Other initiatives have improved access to justice

The Law Society has been focused on paralegals as the only solution to access to family law justice, she says, but other initiatives have been introduced that have been helping, such as the limited scope services project, which allows lawyers to do such work as helping to draft pleadings without taking on the full representation. “We’ve now just recently started with an expansion scope of practice for articling and LPP students so they can go to court,” Boulby says. “We have the Family Justice Centre, to provide pro bono family advice and support for separating parties.”
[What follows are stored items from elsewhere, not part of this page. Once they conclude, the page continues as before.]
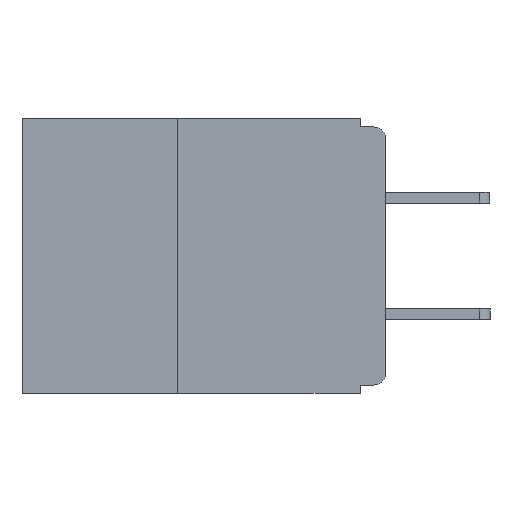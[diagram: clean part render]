
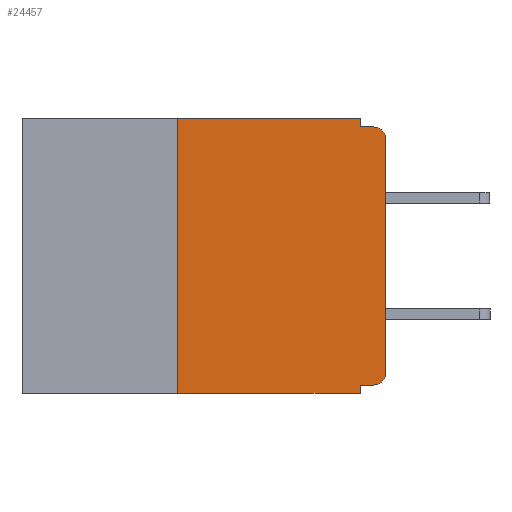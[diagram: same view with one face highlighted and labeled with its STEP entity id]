
A CAD part, left-side view. The second image highlights one B-rep face of the part: STEP entity #24457.
In plain terms, the highlighted planar face has unit normal (-1, 0, 0).
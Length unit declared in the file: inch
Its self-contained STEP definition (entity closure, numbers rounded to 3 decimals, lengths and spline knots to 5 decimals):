
#37 = VERTEX_POINT ( 'NONE', #17384 ) ;
#172 = LINE ( 'NONE', #26033, #16904 ) ;
#1233 = CIRCLE ( 'NONE', #4353, 0.015 ) ;
#1539 = LINE ( 'NONE', #8514, #12045 ) ;
#1706 = VERTEX_POINT ( 'NONE', #14903 ) ;
#2119 = VECTOR ( 'NONE', #4753, 39.37008 ) ;
#3079 = CARTESIAN_POINT ( 'NONE',  ( 0., 0.437, -0.33 ) ) ;
#3104 = DIRECTION ( 'NONE',  ( 0., -1., 0. ) ) ;
#3192 = EDGE_CURVE ( 'NONE', #7792, #24242, #1233, .T. ) ;
#3347 = CARTESIAN_POINT ( 'NONE',  ( 0., 0., -0.025 ) ) ;
#3579 = DIRECTION ( 'NONE',  ( 0., 0., -1. ) ) ;
#4067 = EDGE_CURVE ( 'NONE', #7661, #21349, #1539, .T. ) ;
#4260 = EDGE_LOOP ( 'NONE', ( #22981, #23502, #23554, #24234, #24512, #24639, #25040, #25345, #25352, #25629 ) ) ;
#4353 = AXIS2_PLACEMENT_3D ( 'NONE', #6481, #6469, #6438 ) ;
#4753 = DIRECTION ( 'NONE',  ( 0., 0., 1. ) ) ;
#4786 = CARTESIAN_POINT ( 'NONE',  ( 0., 0., 0. ) ) ;
#5506 = EDGE_CURVE ( 'NONE', #21349, #19329, #11683, .T. ) ;
#5776 = EDGE_CURVE ( 'NONE', #19329, #15866, #26083, .T. ) ;
#6105 = EDGE_CURVE ( 'NONE', #24242, #11061, #12623, .T. ) ;
#6438 = DIRECTION ( 'NONE',  ( 0., 0., -1. ) ) ;
#6469 = DIRECTION ( 'NONE',  ( -1., 0., 0. ) ) ;
#6481 = CARTESIAN_POINT ( 'NONE',  ( 0., 0.015, -0.305 ) ) ;
#7461 = PLANE ( 'NONE',  #7885 ) ;
#7475 = EDGE_CURVE ( 'NONE', #7792, #17585, #16513, .T. ) ;
#7661 = VERTEX_POINT ( 'NONE', #21266 ) ;
#7792 = VERTEX_POINT ( 'NONE', #18733 ) ;
#7885 = AXIS2_PLACEMENT_3D ( 'NONE', #9550, #11694, #26331 ) ;
#7938 = CARTESIAN_POINT ( 'NONE',  ( 0., 0.015, -0.025 ) ) ;
#8514 = CARTESIAN_POINT ( 'NONE',  ( 0., 0.25, -0.33 ) ) ;
#8648 = CARTESIAN_POINT ( 'NONE',  ( 0., 0., -0.305 ) ) ;
#8722 = CARTESIAN_POINT ( 'NONE',  ( 0., 0.031, -0.32 ) ) ;
#8989 = EDGE_CURVE ( 'NONE', #7661, #37, #23648, .T. ) ;
#9550 = CARTESIAN_POINT ( 'NONE',  ( 0., 0.437, 0. ) ) ;
#10058 = DIRECTION ( 'NONE',  ( 0., 0., -1. ) ) ;
#10143 = FACE_OUTER_BOUND ( 'NONE', #4260, .T. ) ;
#11061 = VERTEX_POINT ( 'NONE', #3347 ) ;
#11683 = LINE ( 'NONE', #17217, #16585 ) ;
#11694 = DIRECTION ( 'NONE',  ( 1., 0., 0. ) ) ;
#11939 = DIRECTION ( 'NONE',  ( 0., 0., -1. ) ) ;
#12045 = VECTOR ( 'NONE', #15084, 39.37008 ) ;
#12138 = CARTESIAN_POINT ( 'NONE',  ( 0., 0.031, 0. ) ) ;
#12623 = LINE ( 'NONE', #4786, #2119 ) ;
#13485 = DIRECTION ( 'NONE',  ( 0., -1., 0. ) ) ;
#13922 = EDGE_CURVE ( 'NONE', #17585, #37, #25687, .T. ) ;
#14903 = CARTESIAN_POINT ( 'NONE',  ( 0., 0.015, -0.01 ) ) ;
#15084 = DIRECTION ( 'NONE',  ( 0., 0., 1. ) ) ;
#15177 = VECTOR ( 'NONE', #3579, 39.37008 ) ;
#15866 = VERTEX_POINT ( 'NONE', #17449 ) ;
#16513 = LINE ( 'NONE', #23164, #26974 ) ;
#16585 = VECTOR ( 'NONE', #17040, 39.37008 ) ;
#16904 = VECTOR ( 'NONE', #13485, 39.37008 ) ;
#17040 = DIRECTION ( 'NONE',  ( 0., -1., 0. ) ) ;
#17217 = CARTESIAN_POINT ( 'NONE',  ( 0., 0.437, 0. ) ) ;
#17384 = CARTESIAN_POINT ( 'NONE',  ( 0., 0.031, -0.33 ) ) ;
#17449 = CARTESIAN_POINT ( 'NONE',  ( 0., 0.031, -0.01 ) ) ;
#17585 = VERTEX_POINT ( 'NONE', #8722 ) ;
#18733 = CARTESIAN_POINT ( 'NONE',  ( 0., 0.015, -0.32 ) ) ;
#18740 = VECTOR ( 'NONE', #3104, 39.37008 ) ;
#19329 = VERTEX_POINT ( 'NONE', #22797 ) ;
#20075 = AXIS2_PLACEMENT_3D ( 'NONE', #7938, #22610, #10058 ) ;
#20494 = VECTOR ( 'NONE', #11939, 39.37008 ) ;
#20536 = CARTESIAN_POINT ( 'NONE',  ( 0., 0.031, -0.33 ) ) ;
#20908 = EDGE_CURVE ( 'NONE', #11061, #1706, #23461, .T. ) ;
#21266 = CARTESIAN_POINT ( 'NONE',  ( 0., 0.25, -0.33 ) ) ;
#21291 = CARTESIAN_POINT ( 'NONE',  ( 0., 0.25, 0. ) ) ;
#21349 = VERTEX_POINT ( 'NONE', #21291 ) ;
#22104 = EDGE_CURVE ( 'NONE', #15866, #1706, #172, .T. ) ;
#22610 = DIRECTION ( 'NONE',  ( -1., 0., 0. ) ) ;
#22797 = CARTESIAN_POINT ( 'NONE',  ( 0., 0.031, 0. ) ) ;
#22981 = ORIENTED_EDGE ( 'NONE', *, *, #6105, .T. ) ;
#23103 = DIRECTION ( 'NONE',  ( 0., 1., 0. ) ) ;
#23164 = CARTESIAN_POINT ( 'NONE',  ( 0., 0., -0.32 ) ) ;
#23461 = CIRCLE ( 'NONE', #20075, 0.015 ) ;
#23502 = ORIENTED_EDGE ( 'NONE', *, *, #20908, .T. ) ;
#23554 = ORIENTED_EDGE ( 'NONE', *, *, #22104, .F. ) ;
#23648 = LINE ( 'NONE', #3079, #18740 ) ;
#24234 = ORIENTED_EDGE ( 'NONE', *, *, #5776, .F. ) ;
#24242 = VERTEX_POINT ( 'NONE', #8648 ) ;
#24457 = ADVANCED_FACE ( 'NONE', ( #10143 ), #7461, .F. ) ;
#24512 = ORIENTED_EDGE ( 'NONE', *, *, #5506, .F. ) ;
#24639 = ORIENTED_EDGE ( 'NONE', *, *, #4067, .F. ) ;
#25040 = ORIENTED_EDGE ( 'NONE', *, *, #8989, .T. ) ;
#25345 = ORIENTED_EDGE ( 'NONE', *, *, #13922, .F. ) ;
#25352 = ORIENTED_EDGE ( 'NONE', *, *, #7475, .F. ) ;
#25629 = ORIENTED_EDGE ( 'NONE', *, *, #3192, .T. ) ;
#25687 = LINE ( 'NONE', #20536, #15177 ) ;
#26033 = CARTESIAN_POINT ( 'NONE',  ( 0., 0., -0.01 ) ) ;
#26083 = LINE ( 'NONE', #12138, #20494 ) ;
#26331 = DIRECTION ( 'NONE',  ( 0., 0., -1. ) ) ;
#26974 = VECTOR ( 'NONE', #23103, 39.37008 ) ;

The court also introduced automatic financial disclosure orders, so people do not have to go to court to fight to get their spouse’s tax returns. There is also the Judicial Dispute Resolution Project, which will see judges meet with parties in less complicated matters to try to mediate a settlement.

“These are initiatives that are underway that actually would help access to justice that the LSO needs to be promoting,” Boulby says.

She says access to justice is a problem faced by the entire legal system, not just the family law bar. Simply finding ways to provide cheaper services is meaningless if people are not receiving the representation they need.

“Family law is not mechanical. It is not a simple area,” Boulby says.